→ **Dataset extract**:

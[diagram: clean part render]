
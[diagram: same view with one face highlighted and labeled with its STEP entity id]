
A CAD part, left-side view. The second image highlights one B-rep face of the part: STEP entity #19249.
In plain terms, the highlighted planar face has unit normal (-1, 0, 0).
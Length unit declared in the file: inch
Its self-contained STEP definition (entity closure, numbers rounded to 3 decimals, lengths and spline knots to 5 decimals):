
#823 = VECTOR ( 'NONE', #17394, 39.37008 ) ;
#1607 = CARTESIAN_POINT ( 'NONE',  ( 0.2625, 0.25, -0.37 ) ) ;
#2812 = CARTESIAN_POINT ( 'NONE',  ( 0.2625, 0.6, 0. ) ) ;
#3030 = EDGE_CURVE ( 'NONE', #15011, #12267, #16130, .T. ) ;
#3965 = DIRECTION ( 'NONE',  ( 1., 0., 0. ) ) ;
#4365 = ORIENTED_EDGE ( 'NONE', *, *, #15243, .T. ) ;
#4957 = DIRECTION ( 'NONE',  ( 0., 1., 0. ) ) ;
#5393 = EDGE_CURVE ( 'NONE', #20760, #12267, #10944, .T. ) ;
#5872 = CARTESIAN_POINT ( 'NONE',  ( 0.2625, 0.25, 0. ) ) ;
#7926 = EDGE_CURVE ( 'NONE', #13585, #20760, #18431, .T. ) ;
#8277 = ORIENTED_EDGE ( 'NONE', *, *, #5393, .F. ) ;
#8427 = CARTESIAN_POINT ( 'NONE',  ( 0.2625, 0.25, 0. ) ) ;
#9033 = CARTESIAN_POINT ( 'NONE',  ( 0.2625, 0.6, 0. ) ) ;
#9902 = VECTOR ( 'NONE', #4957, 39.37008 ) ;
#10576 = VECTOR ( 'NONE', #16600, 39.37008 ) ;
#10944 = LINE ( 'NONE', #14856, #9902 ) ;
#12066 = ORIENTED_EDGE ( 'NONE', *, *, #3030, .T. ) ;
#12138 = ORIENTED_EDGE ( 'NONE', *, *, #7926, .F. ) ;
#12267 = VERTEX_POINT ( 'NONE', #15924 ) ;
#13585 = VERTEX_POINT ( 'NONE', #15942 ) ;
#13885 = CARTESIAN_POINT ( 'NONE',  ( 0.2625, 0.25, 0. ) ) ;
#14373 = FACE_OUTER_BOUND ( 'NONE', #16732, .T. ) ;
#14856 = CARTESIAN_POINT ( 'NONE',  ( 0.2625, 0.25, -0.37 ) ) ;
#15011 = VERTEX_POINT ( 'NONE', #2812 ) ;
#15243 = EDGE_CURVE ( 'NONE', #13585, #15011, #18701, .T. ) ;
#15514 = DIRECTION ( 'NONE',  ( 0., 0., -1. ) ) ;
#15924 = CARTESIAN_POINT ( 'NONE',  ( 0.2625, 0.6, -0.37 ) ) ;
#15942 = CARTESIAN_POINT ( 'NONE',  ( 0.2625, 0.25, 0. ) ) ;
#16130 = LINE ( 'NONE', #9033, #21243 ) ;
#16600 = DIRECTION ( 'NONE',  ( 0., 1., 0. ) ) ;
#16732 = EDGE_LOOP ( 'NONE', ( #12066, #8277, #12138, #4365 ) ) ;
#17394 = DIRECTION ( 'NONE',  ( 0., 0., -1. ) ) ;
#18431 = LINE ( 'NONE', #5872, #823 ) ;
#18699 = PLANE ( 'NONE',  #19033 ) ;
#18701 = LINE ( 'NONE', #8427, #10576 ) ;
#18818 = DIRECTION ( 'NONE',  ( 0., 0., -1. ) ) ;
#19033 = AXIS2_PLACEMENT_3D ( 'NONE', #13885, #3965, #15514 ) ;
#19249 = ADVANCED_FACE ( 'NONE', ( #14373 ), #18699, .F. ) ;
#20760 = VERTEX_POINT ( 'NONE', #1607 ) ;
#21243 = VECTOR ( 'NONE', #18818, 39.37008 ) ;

→ **To do**: Each record must be output word for word.

→ **Reply to the task**:
[diagram: clean part render]
[diagram: same view with one face highlighted and labeled with its STEP entity id]
A CAD part, left-side view. The second image highlights one B-rep face of the part: STEP entity #19249.
In plain terms, the highlighted planar face has unit normal (-1, 0, 0).
Length unit declared in the file: inch
Its self-contained STEP definition (entity closure, numbers rounded to 3 decimals, lengths and spline knots to 5 decimals):
#823 = VECTOR ( 'NONE', #17394, 39.37008 ) ;
#1607 = CARTESIAN_POINT ( 'NONE',  ( 0.2625, 0.25, -0.37 ) ) ;
#2812 = CARTESIAN_POINT ( 'NONE',  ( 0.2625, 0.6, 0. ) ) ;
#3030 = EDGE_CURVE ( 'NONE', #15011, #12267, #16130, .T. ) ;
#3965 = DIRECTION ( 'NONE',  ( 1., 0., 0. ) ) ;
#4365 = ORIENTED_EDGE ( 'NONE', *, *, #15243, .T. ) ;
#4957 = DIRECTION ( 'NONE',  ( 0., 1., 0. ) ) ;
#5393 = EDGE_CURVE ( 'NONE', #20760, #12267, #10944, .T. ) ;
#5872 = CARTESIAN_POINT ( 'NONE',  ( 0.2625, 0.25, 0. ) ) ;
#7926 = EDGE_CURVE ( 'NONE', #13585, #20760, #18431, .T. ) ;
#8277 = ORIENTED_EDGE ( 'NONE', *, *, #5393, .F. ) ;
#8427 = CARTESIAN_POINT ( 'NONE',  ( 0.2625, 0.25, 0. ) ) ;
#9033 = CARTESIAN_POINT ( 'NONE',  ( 0.2625, 0.6, 0. ) ) ;
#9902 = VECTOR ( 'NONE', #4957, 39.37008 ) ;
#10576 = VECTOR ( 'NONE', #16600, 39.37008 ) ;
#10944 = LINE ( 'NONE', #14856, #9902 ) ;
#12066 = ORIENTED_EDGE ( 'NONE', *, *, #3030, .T. ) ;
#12138 = ORIENTED_EDGE ( 'NONE', *, *, #7926, .F. ) ;
#12267 = VERTEX_POINT ( 'NONE', #15924 ) ;
#13585 = VERTEX_POINT ( 'NONE', #15942 ) ;
#13885 = CARTESIAN_POINT ( 'NONE',  ( 0.2625, 0.25, 0. ) ) ;
#14373 = FACE_OUTER_BOUND ( 'NONE', #16732, .T. ) ;
#14856 = CARTESIAN_POINT ( 'NONE',  ( 0.2625, 0.25, -0.37 ) ) ;
#15011 = VERTEX_POINT ( 'NONE', #2812 ) ;
#15243 = EDGE_CURVE ( 'NONE', #13585, #15011, #18701, .T. ) ;
#15514 = DIRECTION ( 'NONE',  ( 0., 0., -1. ) ) ;
#15924 = CARTESIAN_POINT ( 'NONE',  ( 0.2625, 0.6, -0.37 ) ) ;
#15942 = CARTESIAN_POINT ( 'NONE',  ( 0.2625, 0.25, 0. ) ) ;
#16130 = LINE ( 'NONE', #9033, #21243 ) ;
#16600 = DIRECTION ( 'NONE',  ( 0., 1., 0. ) ) ;
#16732 = EDGE_LOOP ( 'NONE', ( #12066, #8277, #12138, #4365 ) ) ;
#17394 = DIRECTION ( 'NONE',  ( 0., 0., -1. ) ) ;
#18431 = LINE ( 'NONE', #5872, #823 ) ;
#18699 = PLANE ( 'NONE',  #19033 ) ;
#18701 = LINE ( 'NONE', #8427, #10576 ) ;
#18818 = DIRECTION ( 'NONE',  ( 0., 0., -1. ) ) ;
#19033 = AXIS2_PLACEMENT_3D ( 'NONE', #13885, #3965, #15514 ) ;
#19249 = ADVANCED_FACE ( 'NONE', ( #14373 ), #18699, .F. ) ;
#20760 = VERTEX_POINT ( 'NONE', #1607 ) ;
#21243 = VECTOR ( 'NONE', #18818, 39.37008 ) ;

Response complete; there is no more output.